I just tried rerouting my guitar audio into Reaper through Helix USB instead of my 2i2 and it sounds significantly better. Didn't expect that. I still have my monitors routed through the 2i2 but there was a clear difference with the guitar.


----------



## fantom (Feb 21, 2020)

I wasted a lot of time researching the Clarett 4pre vs. the Scarlett 8i6.

For converters, the Clarett uses the same converters as the Babyface Pro (AK 5388A and AK 4413). The Scarlett uses converters worse than my 15 year old $200 E-mu card, which bothers me... a lot. The best clip I could find comparing the converters only with and without the Hi-Z input is below. I would expect the Clarett is similar to the RME with slightly higher latency and worse driver support down the road. The difference with a DI box and ISA is more applicable here. The Scarlett Hi-Z input kind of sucks!



There is a gearslutz page showing the latency of the Clarett vs. the Gen2 6i6, expect the latency difference is closer to 2 ms.

Me personally, the clarity and the fullness is very apparent in the video. I'm listening on the E-mu card and some cheaper JBL monitors. I don't even want to imagine the difference on a better setup.

I am leaning towards the Babyface Pro because they are about the same price as the Clarett and have a much better track record that Focusrite currently can't compete with. I'm just annoyed the Babyface Pro doesn't have 4 balanced outs and a digital coax port. The 2 balanced out and 2 unbalanced out is almost a dealbreaker if you want to reamp. If I had to choose between the UCX and Clarett 4Pre, I'd probably go with the 4Pre based on cost. If I had a lower quality instruments/pickups/amps, I probably wouldn't care and would just buy the 8i6. But I don't see the point of skimping out on the interface after blowing money on guitars and amps for decades if I can hear the difference 

References
https://www.gearslutz.com/board/showpost.php?p=12321055&postcount=253
https://www.gearslutz.com/board/showpost.php?p=12427459&postcount=271
https://www.gearslutz.com/board/showpost.php?p=9396990&postcount=147
https://www.gearslutz.com/board/showpost.php?p=14004379&postcount=531


----------



## oremus91 (Feb 22, 2020)

fantom said:


> I wasted a lot of time researching the Clarett 4pre vs. the Scarlett 8i6.
> 
> ...slightly higher latency and worse driver support down the road.
> 
> ...



Thanks for your research and response.

Down the road? Not now? People keep saying that the Clarett, and Focusrite devices in general, have driver issues.. but I see Sithu Aye using his USB 4pre on Windows without an issue, and he's recorded on his Scarletts before that.

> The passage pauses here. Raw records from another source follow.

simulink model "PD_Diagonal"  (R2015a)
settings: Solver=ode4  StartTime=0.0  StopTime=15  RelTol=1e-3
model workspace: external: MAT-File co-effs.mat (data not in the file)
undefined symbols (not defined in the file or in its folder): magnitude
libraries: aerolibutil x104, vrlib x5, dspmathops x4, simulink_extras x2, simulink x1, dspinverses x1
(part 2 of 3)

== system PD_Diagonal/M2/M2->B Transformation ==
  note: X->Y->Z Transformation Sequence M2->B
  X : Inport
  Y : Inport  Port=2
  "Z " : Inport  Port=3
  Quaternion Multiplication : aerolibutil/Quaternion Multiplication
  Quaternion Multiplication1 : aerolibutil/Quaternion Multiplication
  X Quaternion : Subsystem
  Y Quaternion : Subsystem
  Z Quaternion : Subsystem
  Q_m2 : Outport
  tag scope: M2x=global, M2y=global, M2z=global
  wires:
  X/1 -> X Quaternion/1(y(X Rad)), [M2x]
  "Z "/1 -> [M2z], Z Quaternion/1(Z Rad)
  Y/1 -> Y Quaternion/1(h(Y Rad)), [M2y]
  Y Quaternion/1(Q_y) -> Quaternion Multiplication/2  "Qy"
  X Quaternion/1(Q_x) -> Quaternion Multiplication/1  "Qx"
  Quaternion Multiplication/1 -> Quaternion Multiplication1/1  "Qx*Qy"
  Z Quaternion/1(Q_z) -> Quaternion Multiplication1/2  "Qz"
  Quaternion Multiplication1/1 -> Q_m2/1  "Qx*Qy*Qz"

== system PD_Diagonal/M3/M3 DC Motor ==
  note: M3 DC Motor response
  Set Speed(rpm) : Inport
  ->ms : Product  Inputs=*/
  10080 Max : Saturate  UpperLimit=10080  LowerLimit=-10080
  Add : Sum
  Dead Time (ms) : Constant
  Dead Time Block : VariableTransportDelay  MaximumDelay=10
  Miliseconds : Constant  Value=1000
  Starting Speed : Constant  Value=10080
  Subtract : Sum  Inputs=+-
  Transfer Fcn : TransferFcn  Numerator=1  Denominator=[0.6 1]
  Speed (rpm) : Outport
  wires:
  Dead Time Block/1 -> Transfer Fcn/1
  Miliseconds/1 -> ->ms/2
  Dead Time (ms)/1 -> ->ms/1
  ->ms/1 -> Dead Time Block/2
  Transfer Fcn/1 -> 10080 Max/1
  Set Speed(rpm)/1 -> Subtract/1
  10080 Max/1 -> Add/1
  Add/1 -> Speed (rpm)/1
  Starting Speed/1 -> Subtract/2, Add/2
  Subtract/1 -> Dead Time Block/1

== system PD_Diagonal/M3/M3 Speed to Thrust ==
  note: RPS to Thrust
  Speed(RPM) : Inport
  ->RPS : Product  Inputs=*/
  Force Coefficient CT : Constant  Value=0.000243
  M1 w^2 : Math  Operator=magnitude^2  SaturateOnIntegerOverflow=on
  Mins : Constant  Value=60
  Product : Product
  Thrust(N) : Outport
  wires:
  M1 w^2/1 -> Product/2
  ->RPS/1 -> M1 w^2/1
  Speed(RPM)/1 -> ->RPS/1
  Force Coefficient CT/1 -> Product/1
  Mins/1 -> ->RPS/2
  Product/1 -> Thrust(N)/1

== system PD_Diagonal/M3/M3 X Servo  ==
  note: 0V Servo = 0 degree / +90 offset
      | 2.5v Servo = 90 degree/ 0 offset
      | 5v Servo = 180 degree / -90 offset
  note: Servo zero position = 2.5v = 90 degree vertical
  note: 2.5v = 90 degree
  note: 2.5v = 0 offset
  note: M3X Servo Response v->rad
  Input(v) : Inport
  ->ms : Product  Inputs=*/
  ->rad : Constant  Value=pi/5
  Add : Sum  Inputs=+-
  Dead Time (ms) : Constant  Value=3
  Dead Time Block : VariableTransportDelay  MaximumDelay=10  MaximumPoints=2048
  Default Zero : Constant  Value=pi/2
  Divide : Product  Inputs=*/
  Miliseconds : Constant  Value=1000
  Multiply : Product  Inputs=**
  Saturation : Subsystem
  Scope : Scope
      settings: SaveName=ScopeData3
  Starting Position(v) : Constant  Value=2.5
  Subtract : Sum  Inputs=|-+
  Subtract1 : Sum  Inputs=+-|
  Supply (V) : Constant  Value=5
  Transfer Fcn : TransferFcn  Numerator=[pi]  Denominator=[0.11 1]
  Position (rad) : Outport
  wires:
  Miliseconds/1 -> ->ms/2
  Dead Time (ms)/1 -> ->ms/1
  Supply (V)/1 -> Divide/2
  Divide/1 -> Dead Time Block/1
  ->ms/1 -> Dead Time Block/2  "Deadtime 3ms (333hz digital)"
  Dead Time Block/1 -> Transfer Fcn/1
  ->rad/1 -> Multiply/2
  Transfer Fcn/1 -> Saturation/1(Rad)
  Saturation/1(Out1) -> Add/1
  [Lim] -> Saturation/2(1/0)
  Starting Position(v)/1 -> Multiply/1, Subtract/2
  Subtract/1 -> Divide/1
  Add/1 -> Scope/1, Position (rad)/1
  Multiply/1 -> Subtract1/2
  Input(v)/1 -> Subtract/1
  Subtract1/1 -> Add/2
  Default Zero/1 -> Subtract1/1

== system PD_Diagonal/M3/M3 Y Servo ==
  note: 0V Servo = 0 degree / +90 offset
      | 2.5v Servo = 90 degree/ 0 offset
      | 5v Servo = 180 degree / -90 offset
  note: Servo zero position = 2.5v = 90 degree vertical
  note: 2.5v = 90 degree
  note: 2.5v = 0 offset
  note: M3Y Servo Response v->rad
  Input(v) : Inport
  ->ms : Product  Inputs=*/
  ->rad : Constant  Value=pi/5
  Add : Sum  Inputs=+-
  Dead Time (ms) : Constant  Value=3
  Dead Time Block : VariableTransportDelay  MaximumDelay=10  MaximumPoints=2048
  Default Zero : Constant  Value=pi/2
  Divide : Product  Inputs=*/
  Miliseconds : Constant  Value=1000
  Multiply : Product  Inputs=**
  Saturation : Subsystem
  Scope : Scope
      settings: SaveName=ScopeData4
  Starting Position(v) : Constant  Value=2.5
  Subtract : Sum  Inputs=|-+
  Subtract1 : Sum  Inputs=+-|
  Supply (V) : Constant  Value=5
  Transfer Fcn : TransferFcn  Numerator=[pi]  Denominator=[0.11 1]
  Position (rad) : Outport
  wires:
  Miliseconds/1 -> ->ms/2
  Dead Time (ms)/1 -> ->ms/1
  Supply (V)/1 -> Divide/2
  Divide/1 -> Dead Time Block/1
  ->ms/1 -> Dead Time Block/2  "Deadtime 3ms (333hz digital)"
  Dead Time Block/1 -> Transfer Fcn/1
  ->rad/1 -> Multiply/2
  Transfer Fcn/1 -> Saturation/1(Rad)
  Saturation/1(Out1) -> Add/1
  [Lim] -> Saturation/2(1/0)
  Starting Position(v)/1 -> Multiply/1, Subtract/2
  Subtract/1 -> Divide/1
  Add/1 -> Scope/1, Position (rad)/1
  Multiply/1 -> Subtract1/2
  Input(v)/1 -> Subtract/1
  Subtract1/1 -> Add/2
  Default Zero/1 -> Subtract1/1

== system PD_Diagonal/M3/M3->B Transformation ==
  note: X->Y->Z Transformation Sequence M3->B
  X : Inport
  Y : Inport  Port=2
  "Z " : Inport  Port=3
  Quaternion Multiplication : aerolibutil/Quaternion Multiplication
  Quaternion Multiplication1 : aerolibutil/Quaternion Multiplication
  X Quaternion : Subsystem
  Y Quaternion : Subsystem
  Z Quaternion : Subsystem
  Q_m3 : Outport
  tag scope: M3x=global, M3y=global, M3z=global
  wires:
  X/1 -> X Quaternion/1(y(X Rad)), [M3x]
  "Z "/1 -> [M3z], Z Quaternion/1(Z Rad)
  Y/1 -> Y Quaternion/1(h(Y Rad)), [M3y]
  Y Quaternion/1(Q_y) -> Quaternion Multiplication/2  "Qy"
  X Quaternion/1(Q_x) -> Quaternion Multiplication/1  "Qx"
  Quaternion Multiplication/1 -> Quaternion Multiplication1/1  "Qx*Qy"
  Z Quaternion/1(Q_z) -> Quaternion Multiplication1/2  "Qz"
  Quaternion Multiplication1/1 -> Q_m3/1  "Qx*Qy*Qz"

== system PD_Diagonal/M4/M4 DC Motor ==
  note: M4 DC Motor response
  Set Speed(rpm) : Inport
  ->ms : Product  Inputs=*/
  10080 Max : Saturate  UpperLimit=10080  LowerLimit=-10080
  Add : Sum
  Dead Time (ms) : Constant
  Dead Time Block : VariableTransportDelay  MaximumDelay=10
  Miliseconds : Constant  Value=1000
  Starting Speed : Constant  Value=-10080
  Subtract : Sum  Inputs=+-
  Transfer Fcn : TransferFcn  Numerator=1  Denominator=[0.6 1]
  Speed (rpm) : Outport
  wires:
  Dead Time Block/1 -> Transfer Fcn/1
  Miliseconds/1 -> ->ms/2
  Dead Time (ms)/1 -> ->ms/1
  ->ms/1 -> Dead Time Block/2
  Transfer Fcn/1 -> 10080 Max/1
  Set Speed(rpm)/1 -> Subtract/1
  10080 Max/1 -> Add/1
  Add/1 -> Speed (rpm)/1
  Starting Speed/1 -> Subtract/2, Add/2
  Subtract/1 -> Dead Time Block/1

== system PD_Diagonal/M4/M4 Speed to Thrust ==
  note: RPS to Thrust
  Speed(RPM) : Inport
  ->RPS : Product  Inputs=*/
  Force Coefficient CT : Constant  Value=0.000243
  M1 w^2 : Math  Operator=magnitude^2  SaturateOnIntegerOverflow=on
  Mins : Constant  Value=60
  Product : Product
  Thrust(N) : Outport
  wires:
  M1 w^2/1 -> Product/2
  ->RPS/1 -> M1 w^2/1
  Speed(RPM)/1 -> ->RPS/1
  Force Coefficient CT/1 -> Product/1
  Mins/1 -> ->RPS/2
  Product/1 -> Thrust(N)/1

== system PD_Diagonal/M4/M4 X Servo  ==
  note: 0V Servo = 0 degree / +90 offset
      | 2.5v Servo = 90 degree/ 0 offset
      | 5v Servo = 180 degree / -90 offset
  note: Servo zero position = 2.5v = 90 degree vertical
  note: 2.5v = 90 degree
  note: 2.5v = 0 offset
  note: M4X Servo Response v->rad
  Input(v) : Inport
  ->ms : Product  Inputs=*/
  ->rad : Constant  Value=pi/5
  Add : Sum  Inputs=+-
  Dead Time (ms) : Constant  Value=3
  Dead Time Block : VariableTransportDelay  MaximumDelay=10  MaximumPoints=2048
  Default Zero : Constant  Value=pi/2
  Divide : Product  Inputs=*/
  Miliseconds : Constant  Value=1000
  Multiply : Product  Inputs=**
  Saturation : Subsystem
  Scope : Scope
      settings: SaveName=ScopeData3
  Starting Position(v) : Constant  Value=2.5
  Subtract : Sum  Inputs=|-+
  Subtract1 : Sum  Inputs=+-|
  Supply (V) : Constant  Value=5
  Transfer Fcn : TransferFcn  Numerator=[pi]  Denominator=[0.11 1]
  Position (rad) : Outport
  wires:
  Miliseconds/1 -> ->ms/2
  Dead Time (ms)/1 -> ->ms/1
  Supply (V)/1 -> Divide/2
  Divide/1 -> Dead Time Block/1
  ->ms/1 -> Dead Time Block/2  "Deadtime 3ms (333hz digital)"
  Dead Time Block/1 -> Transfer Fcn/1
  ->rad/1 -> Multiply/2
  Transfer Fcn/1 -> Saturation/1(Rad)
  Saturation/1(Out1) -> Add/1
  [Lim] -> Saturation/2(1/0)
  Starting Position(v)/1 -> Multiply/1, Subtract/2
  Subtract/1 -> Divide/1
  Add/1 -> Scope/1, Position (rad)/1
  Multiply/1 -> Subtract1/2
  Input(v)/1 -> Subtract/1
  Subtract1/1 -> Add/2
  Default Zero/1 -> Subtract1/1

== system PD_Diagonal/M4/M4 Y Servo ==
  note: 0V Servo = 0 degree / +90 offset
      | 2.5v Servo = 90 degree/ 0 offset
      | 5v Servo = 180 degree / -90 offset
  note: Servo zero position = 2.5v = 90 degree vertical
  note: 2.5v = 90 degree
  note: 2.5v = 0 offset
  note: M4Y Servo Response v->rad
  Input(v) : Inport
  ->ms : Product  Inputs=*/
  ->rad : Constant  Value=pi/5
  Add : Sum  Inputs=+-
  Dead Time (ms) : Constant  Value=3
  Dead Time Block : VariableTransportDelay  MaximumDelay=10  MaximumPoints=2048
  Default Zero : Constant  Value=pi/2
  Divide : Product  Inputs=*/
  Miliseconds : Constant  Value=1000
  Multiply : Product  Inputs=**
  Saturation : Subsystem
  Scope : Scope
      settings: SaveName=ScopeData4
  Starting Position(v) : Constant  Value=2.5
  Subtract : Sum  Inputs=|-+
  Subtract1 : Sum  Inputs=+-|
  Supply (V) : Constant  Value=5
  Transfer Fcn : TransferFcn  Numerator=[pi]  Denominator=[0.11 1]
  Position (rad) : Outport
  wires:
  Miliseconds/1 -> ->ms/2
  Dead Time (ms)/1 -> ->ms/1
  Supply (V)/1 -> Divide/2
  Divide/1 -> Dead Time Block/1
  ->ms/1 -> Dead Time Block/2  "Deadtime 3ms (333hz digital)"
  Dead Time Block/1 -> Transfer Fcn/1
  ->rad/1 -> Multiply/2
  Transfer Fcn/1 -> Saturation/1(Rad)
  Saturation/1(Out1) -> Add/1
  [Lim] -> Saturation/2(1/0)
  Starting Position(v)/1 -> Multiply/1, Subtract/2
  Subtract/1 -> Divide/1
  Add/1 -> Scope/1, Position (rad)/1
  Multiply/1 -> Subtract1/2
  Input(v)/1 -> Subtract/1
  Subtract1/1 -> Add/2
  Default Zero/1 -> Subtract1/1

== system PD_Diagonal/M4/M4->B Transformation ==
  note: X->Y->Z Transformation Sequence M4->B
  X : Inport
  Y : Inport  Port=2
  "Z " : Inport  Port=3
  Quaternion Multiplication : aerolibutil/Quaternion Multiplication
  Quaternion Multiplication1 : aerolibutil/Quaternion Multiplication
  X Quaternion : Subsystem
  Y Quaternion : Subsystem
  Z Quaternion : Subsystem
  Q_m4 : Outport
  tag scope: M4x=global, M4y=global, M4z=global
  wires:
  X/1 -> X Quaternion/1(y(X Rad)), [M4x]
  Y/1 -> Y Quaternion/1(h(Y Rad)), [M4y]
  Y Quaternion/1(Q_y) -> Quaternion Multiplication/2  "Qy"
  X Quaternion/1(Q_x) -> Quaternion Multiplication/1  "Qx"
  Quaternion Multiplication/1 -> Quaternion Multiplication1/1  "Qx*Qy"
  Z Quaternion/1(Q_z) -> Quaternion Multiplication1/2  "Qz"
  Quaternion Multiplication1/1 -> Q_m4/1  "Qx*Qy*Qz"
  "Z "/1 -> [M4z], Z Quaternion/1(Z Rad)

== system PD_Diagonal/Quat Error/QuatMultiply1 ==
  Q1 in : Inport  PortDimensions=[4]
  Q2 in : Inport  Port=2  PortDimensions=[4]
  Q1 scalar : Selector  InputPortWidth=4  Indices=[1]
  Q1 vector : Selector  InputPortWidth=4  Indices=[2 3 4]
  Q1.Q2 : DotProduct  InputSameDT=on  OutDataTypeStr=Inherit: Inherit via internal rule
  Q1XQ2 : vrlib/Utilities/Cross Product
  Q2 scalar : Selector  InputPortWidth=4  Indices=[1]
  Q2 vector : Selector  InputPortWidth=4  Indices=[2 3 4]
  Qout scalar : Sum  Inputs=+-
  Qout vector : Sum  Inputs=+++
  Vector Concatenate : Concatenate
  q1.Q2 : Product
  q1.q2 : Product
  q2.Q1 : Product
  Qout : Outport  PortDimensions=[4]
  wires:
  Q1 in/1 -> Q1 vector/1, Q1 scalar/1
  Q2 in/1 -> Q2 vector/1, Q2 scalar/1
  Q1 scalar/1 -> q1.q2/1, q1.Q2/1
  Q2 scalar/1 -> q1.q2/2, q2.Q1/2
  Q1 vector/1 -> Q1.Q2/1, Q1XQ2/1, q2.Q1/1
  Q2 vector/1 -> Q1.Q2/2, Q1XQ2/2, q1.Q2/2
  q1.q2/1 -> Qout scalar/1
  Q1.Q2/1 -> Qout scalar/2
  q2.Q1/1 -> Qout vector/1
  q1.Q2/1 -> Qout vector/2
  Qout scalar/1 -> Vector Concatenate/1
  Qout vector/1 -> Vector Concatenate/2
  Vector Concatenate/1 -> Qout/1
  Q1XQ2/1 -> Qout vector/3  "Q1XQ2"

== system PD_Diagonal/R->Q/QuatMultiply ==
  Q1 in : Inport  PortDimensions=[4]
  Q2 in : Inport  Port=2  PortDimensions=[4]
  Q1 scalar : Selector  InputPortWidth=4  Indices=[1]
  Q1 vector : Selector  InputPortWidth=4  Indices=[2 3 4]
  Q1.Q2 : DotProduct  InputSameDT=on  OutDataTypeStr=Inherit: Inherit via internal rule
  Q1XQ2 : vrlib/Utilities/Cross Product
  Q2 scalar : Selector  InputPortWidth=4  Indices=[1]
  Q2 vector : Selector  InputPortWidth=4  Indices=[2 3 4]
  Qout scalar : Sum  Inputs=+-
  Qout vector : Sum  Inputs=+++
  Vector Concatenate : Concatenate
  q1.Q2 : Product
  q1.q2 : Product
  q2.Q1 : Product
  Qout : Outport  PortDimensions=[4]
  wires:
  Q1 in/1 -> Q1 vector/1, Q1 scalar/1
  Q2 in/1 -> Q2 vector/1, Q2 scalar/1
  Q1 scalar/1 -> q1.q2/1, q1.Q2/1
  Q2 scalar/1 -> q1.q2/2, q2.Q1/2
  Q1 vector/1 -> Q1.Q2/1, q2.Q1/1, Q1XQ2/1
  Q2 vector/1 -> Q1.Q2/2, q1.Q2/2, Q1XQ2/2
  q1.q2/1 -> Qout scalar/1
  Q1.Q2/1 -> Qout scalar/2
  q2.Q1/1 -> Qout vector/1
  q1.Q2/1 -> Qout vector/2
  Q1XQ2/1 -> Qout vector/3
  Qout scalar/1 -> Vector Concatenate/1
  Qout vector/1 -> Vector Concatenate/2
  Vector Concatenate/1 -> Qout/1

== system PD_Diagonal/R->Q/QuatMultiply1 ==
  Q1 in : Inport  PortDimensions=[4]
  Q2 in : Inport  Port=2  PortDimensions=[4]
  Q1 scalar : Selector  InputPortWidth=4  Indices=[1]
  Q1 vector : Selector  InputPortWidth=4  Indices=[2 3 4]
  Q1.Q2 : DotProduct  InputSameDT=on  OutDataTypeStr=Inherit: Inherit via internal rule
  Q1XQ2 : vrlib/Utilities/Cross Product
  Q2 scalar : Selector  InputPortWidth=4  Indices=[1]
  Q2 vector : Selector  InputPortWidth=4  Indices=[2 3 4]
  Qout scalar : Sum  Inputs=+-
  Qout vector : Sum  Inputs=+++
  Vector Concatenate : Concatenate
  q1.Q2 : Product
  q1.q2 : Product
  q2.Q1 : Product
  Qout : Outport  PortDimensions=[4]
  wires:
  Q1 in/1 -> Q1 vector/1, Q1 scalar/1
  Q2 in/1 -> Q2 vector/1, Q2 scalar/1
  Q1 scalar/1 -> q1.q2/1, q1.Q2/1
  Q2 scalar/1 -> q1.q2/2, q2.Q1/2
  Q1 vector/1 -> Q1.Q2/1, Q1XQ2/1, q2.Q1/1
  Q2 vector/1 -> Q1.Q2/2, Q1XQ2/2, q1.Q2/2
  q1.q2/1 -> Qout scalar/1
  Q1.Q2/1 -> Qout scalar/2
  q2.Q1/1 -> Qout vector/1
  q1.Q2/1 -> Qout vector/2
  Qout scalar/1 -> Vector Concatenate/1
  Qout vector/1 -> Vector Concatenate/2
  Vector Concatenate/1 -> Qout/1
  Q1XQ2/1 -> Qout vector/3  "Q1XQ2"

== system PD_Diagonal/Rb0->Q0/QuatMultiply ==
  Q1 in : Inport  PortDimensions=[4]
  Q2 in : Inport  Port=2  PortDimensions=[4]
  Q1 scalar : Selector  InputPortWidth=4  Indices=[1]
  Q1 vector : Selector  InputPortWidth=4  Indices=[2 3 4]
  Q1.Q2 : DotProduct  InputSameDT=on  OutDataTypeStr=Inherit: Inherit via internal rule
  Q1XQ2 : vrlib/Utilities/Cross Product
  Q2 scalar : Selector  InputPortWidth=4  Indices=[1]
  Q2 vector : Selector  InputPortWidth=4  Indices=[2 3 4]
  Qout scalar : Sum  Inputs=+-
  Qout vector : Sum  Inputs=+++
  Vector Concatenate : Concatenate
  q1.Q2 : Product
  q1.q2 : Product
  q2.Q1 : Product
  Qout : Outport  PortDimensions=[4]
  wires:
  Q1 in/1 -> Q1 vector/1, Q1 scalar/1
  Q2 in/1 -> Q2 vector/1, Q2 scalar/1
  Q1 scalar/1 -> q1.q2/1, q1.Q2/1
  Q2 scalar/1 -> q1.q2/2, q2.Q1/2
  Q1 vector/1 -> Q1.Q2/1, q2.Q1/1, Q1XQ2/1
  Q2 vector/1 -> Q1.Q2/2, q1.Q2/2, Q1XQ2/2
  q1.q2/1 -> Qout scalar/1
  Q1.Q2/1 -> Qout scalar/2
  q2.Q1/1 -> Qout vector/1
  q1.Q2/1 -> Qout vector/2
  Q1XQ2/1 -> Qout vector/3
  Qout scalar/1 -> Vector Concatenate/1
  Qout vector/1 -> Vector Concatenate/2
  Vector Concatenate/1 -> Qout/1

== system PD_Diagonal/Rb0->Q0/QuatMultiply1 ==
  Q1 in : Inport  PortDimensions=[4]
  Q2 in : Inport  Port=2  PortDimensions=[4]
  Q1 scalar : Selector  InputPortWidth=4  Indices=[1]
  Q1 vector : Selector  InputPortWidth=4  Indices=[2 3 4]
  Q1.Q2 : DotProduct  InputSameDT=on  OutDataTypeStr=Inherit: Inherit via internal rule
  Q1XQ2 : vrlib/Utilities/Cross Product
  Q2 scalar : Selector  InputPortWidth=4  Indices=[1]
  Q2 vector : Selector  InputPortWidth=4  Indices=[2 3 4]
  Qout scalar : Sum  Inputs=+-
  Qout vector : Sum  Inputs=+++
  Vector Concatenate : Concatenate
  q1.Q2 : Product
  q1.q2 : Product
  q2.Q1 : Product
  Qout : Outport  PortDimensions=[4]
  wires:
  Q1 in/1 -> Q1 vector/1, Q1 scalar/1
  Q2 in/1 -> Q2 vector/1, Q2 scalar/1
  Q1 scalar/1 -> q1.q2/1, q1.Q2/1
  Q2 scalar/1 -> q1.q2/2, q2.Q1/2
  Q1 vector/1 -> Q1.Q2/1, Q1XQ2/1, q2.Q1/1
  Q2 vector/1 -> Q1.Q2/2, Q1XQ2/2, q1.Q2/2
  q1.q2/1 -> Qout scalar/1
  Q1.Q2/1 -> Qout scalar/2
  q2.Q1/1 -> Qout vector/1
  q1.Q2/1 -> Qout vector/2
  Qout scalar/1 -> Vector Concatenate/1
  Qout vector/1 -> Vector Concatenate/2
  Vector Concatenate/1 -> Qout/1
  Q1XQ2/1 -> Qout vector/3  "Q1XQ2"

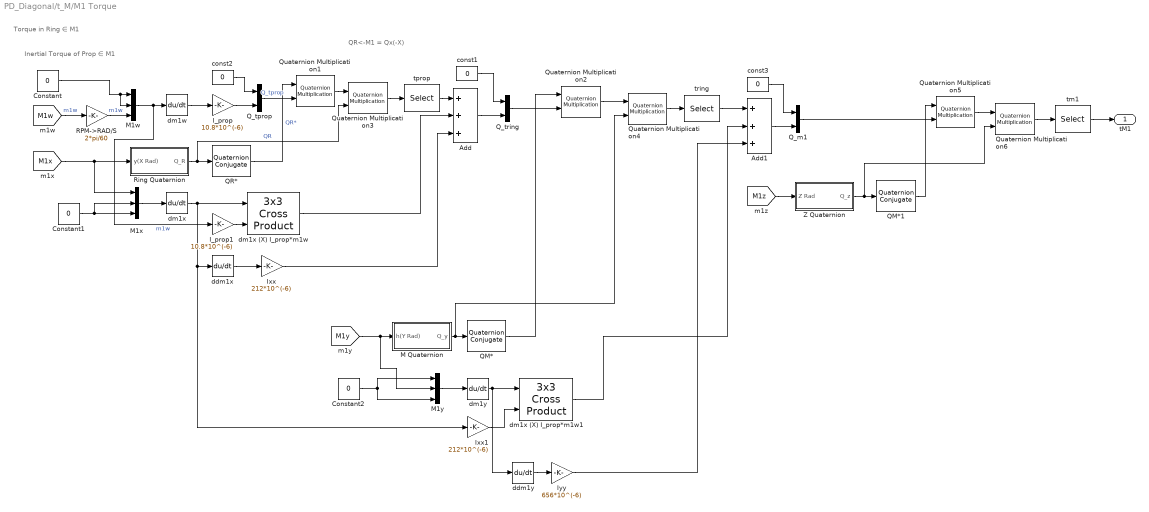
== system PD_Diagonal/t_M/M1 Torque ==
  note: QR<-M1 = Qx(-X)
  note: Torque in Ring ∈ M1
  note: Inertial Torque of Prop ∈ M1
  Add : Sum  Inputs=+++
  Add1 : Sum  Inputs=+++
  Constant : Constant  Value=0
  Constant1 : Constant  Value=0
  Constant2 : Constant  Value=0
  I_prop : Gain  Gain=10.8*10^(-6)
  I_prop1 : Gain  Gain=10.8*10^(-6)
  Ixx : Gain  Gain=212*10^(-6)
  Ixx1 : Gain  Gain=212*10^(-6)
  Iyy : Gain  Gain=656*10^(-6)
  M Quaternion : Subsystem
  M1w : Concatenate  NumInputs=3
  M1x : Concatenate  NumInputs=3
  M1y : Concatenate  NumInputs=3
  QM* : aerolibutil/Quaternion Conjugate
  QM*1 : aerolibutil/Quaternion Conjugate
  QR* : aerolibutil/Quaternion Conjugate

Focusrite's website mostly mentions that there once was thunderbolt issues in the realm of 2-3 years ago, but that doesn't apply to me since I don't have the port on my desktop.

Regarding your latency claim; is this USB vs USB? 

I agree the babyface is compelling, but superficially I dislike how it sits on a desk, and the way the I/O is laid out, it's even more expensive than the Clarett 4pre, but with less 
output options as you mention.


----------



## fantom (Feb 22, 2020)

From reading the Focusrite forums, I had the impression that people feel the support for old generations goes downhill when a new iteration comes out. I remember a few threads where the Gen 3 release drivers made the Gen 1 perform worse, and users were upset that they couldn't download older versions of the driver.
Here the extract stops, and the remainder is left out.